Six items of Patient Satisfaction Questionnaire developed by American Board of Internal Medicine
| 1. Greeting you warmly; calling you by the name you prefer; being friendly; never crabby or rude |
| 2. Treating you like you’re on the same level; never ”talking down” to you or treating you like a child |
| 3. Letting you tell your story; listening carefully; asking thoughtful questions; not interrupting you while you’re talking |
| 4. Showing interest in you as a person; not acting bored or ignoring what you have to say |
| 5. Encouraging you to ask questions; answering them clearly; never avoiding your questions or lecturing you |
| 6. Using words you can understand when explaining your problems and treatment; explaining any technical medical terms in plain language |
Overall scores of Patient Satisfaction Questionnaire
| PSQ Items | Total | Phase I | Phase II | Phase III |
|---|---|---|---|---|
| 1. Greeting and friendliness | 3.57 (0.71) | 3.51 (0.74) | 3.59 (0.72) | 3.58 (0.71) |
| 2. Respect for patients | 3.61 (0.72) | 3.57 (0.76) | 3.61 (0.74) | 3.63 (0.68) |
| 3. Listening carefully | 3.61 (0.74) | 3.50 (0.81) | 3.67 (0.72) | 3.62 (0.71) |
| 4. Showing interest personally | 3.65 (0.73) | 3.55 (0.72) | 3.65 (0.72) | 3.69 (0.72) |
| 5. Encouraging to ask questions and answering clearly | 3.36 (0.85)* | 2.95 (0.97) | 3.43 (0.80) | 3.49 (0.77) |
| 6. Explanations with plain language | 3.49 (0.80)** | 3.22 (0.93) | 3.50 (0.78) | 3.61 (0.72) |
| Overall average | 3.55 (0.77) | 3.38 (0.86) | 3.58 (0.75) | 3.61 (0.73) |
The Cronbach’s alpha value was 0.92, suggesting a high degree of internal consistency of six items. *Significantly lower than any other questions; RM-ANCOVA, p<0.001. **Significantly lower than question 1 to 4; RM-ANCOVA, p<0.001.

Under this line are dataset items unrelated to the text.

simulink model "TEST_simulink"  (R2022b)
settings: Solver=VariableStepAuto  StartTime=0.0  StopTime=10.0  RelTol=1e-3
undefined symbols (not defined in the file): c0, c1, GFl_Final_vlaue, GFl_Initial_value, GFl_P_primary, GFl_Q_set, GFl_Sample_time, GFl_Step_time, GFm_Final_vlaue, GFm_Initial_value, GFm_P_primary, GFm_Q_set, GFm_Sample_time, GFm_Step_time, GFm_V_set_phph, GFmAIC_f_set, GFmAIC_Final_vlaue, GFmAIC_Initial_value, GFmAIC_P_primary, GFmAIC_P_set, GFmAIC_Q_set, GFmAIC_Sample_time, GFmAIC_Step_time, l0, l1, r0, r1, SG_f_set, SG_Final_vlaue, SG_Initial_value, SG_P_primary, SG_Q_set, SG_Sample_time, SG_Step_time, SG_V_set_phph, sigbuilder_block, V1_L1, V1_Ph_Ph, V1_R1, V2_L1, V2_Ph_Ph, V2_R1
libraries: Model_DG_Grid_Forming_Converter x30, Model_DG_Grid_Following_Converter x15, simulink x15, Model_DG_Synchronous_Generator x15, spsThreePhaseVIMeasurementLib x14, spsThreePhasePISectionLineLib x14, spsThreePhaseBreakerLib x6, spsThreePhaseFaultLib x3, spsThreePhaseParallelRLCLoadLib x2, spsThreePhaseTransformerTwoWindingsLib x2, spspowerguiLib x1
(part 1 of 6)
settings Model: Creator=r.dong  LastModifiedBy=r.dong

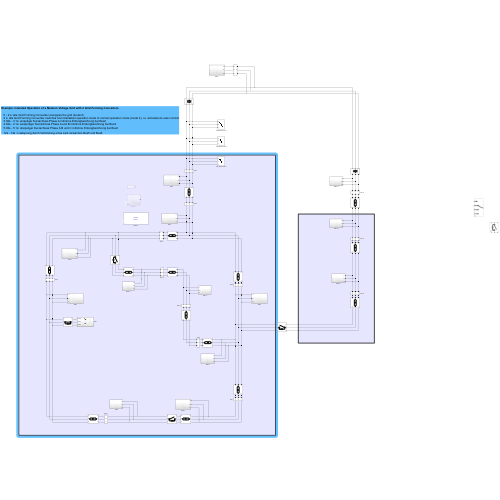
[thumbnail: Simulink's stored preview of the top-level diagram]
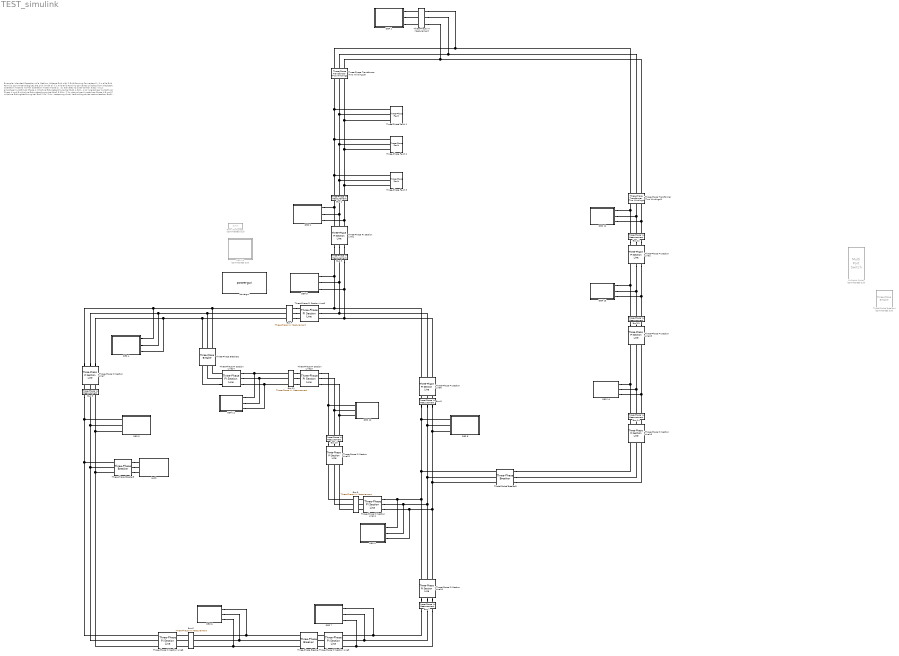
== system TEST_simulink ==
  note: Example: Islanded Operation of a Medium Voltage Grid with 2 Grid-Forming Converters
      |
      | 0 - 2 s: alle Grid Forming Conventer energizes the grid (mode 0)
      | 2 s: alle Grid Forming Conventer switches from blackstart operation mode to normal operation mode (mode 2), i.e. activates its outer control
      | 3.02s - 3.1s: einpoliger Kurzschluss Phase A mit/ohne Erdungberührung bei Bus2
      | 4.02s - 4.1s: zweipoliger Kurzschluss Phase A und B mit/ohne Erdungberührung bei Bus2
      | 5.02s - 5.1s: dreipoliger Kurzschluss Phase A B und C mit/ohne Erdungberührung bei Bus2
      |
      | 12s - 14s : Lastsprung durch Verbindung eines Last zwieschen Bus5 und Bus6
  Bus 10 : spsThreePhaseVIMeasurementLib/Three-Phase V-I Measurement  VoltageMeasurement=phase-to-phase  SetLabelV=on  LabelV=Vabc_10  Vpu=off  VpuLL=off  CurrentMeasurement=yes  SetLabelI=on  LabelI=Iabc_10  Ipu=off  Pbase=100e6  Vbase=500e3  OutputType=Complex  PhasorSimulation=off  PSBequivalent=0
  Bus 11 : spsThreePhaseVIMeasurementLib/Three-Phase V-I Measurement  VoltageMeasurement=phase-to-phase  SetLabelV=on  LabelV=Vabc_11  Vpu=off  VpuLL=off  CurrentMeasurement=yes  SetLabelI=on  LabelI=Iabc_11  Ipu=off  Pbase=100e6  Vbase=500e3  OutputType=Complex  PhasorSimulation=off  PSBequivalent=0
  Bus 12 : spsThreePhaseVIMeasurementLib/Three-Phase V-I Measurement  VoltageMeasurement=phase-to-phase  SetLabelV=on  LabelV=Vabc_12  Vpu=off  VpuLL=off  CurrentMeasurement=yes  SetLabelI=on  LabelI=Iabc_12  Ipu=off  Pbase=100e6  Vbase=500e3  OutputType=Complex  PhasorSimulation=off  PSBequivalent=0
  Bus 13 : spsThreePhaseVIMeasurementLib/Three-Phase V-I Measurement  VoltageMeasurement=phase-to-phase  SetLabelV=on  LabelV=Vabc_13  Vpu=off  VpuLL=off  CurrentMeasurement=yes  SetLabelI=on  LabelI=Iabc_13  Ipu=off  Pbase=100e6  Vbase=500e3  OutputType=Complex  PhasorSimulation=off  PSBequivalent=0
  Bus 14 : spsThreePhaseVIMeasurementLib/Three-Phase V-I Measurement  VoltageMeasurement=phase-to-phase  SetLabelV=on  LabelV=Vabc_14  Vpu=off  VpuLL=off  CurrentMeasurement=yes  SetLabelI=on  LabelI=Iabc_14  Ipu=off  Pbase=100e6  Vbase=500e3  OutputType=Complex  PhasorSimulation=off  PSBequivalent=0
  Bus 2 : spsThreePhaseVIMeasurementLib/Three-Phase V-I Measurement  VoltageMeasurement=phase-to-phase  SetLabelV=on  LabelV=Vabc_1  Vpu=off  VpuLL=off  CurrentMeasurement=yes  SetLabelI=on  LabelI=Iabc_1  Ipu=off  Pbase=100e6  Vbase=500e3  OutputType=Complex  PhasorSimulation=off  PSBequivalent=0
  Bus 3 : spsThreePhaseVIMeasurementLib/Three-Phase V-I Measurement  VoltageMeasurement=phase-to-ground  SetLabelV=on  LabelV=Vabc_3  Vpu=off  VpuLL=off  CurrentMeasurement=yes  SetLabelI=on  LabelI=Iabc_3  Ipu=off  Pbase=100e6  Vbase=500e3  OutputType=Complex  PhasorSimulation=off  PSBequivalent=0
  Bus 4 : spsThreePhaseVIMeasurementLib/Three-Phase V-I Measurement  VoltageMeasurement=phase-to-phase  SetLabelV=on  LabelV=Vabc_4  Vpu=off  VpuLL=off  CurrentMeasurement=yes  SetLabelI=on  LabelI=Iabc_4  Ipu=off  Pbase=100e6  Vbase=500e3  OutputType=Complex  PhasorSimulation=off  PSBequivalent=0
  Bus 5 : spsThreePhaseVIMeasurementLib/Three-Phase V-I Measurement  VoltageMeasurement=phase-to-phase  SetLabelV=on  LabelV=Vabc_5  Vpu=off  VpuLL=off  CurrentMeasurement=yes  SetLabelI=on  LabelI=Iabc_5  Ipu=off  Pbase=100e6  Vbase=500e3  OutputType=Complex  PhasorSimulation=off  PSBequivalent=0
  Bus 6 : spsThreePhaseVIMeasurementLib/Three-Phase V-I Measurement  VoltageMeasurement=phase-to-phase  SetLabelV=on  LabelV=Vabc_6  Vpu=off  VpuLL=off  CurrentMeasurement=yes  SetLabelI=on  LabelI=Iabc_6  Ipu=off  Pbase=100e6  Vbase=500e3  OutputType=Complex  PhasorSimulation=off  PSBequivalent=0
  Bus 7 : spsThreePhaseVIMeasurementLib/Three-Phase V-I Measurement  VoltageMeasurement=phase-to-phase  SetLabelV=on  LabelV=Vabc_7  Vpu=off  VpuLL=off  CurrentMeasurement=yes  SetLabelI=on  LabelI=Iabc_7  Ipu=off  Pbase=100e6  Vbase=500e3  OutputType=Complex  PhasorSimulation=off  PSBequivalent=0
  Bus 8 : spsThreePhaseVIMeasurementLib/Three-Phase V-I Measurement  VoltageMeasurement=phase-to-phase  SetLabelV=on  LabelV=Vabc_8  Vpu=off  VpuLL=off  CurrentMeasurement=yes  SetLabelI=on  LabelI=Iabc_8  Ipu=off  Pbase=100e6  Vbase=500e3  OutputType=Complex  PhasorSimulation=off  PSBequivalent=0
  Bus 9 : spsThreePhaseVIMeasurementLib/Three-Phase V-I Measurement  VoltageMeasurement=phase-to-phase  SetLabelV=on  LabelV=Vabc_9  Vpu=off  VpuLL=off  CurrentMeasurement=yes  SetLabelI=on  LabelI=Iabc_9  Ipu=off  Pbase=100e6  Vbase=500e3  OutputType=Complex  PhasorSimulation=off  PSBequivalent=0
  DER 1 : Subsystem
  DER 10 : Subsystem
  DER 11 : Subsystem
  DER 12 : Subsystem
  DER 13 : Subsystem
  DER 14 : Subsystem
  DER 15 : Subsystem  Commented=on
  DER 2 : Subsystem
  DER 3 : Subsystem
  DER 4 : Subsystem
  DER 5 : Subsystem
  DER 6 : Subsystem
  DER 7 : Subsystem
  DER 8 : Subsystem
  DER 9 : Subsystem
  From Workspace : FromWorkspace  Commented=on  VariableName=simin
  Last1 : Subsystem
  Multiport Switch : MultiPortSwitch  Commented=on  SaturateOnIntegerOverflow=off  InputSameDT=off
  Three-Phase PI Section Line1 : spsThreePhasePISectionLineLib/Three-Phase PI Section Line  LConnTagsString=a|b|c  RConnTagsString=A|B|C  Length=2.8  Frequency=50  Resistances=[ r1 r0]  Inductances="[ l1  l0]"  Capacitances=[c1 c0]
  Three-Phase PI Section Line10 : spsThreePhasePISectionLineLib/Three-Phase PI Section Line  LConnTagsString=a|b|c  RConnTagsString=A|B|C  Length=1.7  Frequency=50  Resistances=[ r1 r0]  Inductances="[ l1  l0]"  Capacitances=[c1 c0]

Fig. 2Improvement of Patient Satisfaction Questionnaire scores of female student in a time-dependent manner. The average score of female students showed significant difference between phases I and II (3.35 vs 3.68, p<0.001), but no difference between phases II and II (3.68 vs 3.66, p = 0.50). For each item, question 1 showed significant improvement between phases I and II (3.56 ± 0.73 vs 3.73 ± 0.72, *p<0.05), but significant deterioration between phases II and III (3.73 ± 0.72 vs 3.59 ± 0.69, *p<0.05) was noted. Questions 2 to 6 showed significant improvement between phases I and II (**p<0.01, †p<0.001), but no difference between phases II and III.
Fig. 3Improvement of Patient Satisfaction Questionnaire scores of male student in a time-dependent manner. The average score of male students showed no difference in average score between phases I and II (3.37 vs 3.47, p = 0.24), but significant difference between phase II and III (3.47 vs 3.61, p<0.01). For each item, question 5 showed significant improvement between phases I to II (2.93 ± 0.99 vs 3.31 ± 0.80, *p<0.001) and phases II and III (3.31 ± 0.80 vs 3.48 ± 0.76, **p<0.01), and question 6 showed improvement between phases II and III (3.41 ± 0.76 vs 3.60 ± 0.72, *p = 0.001).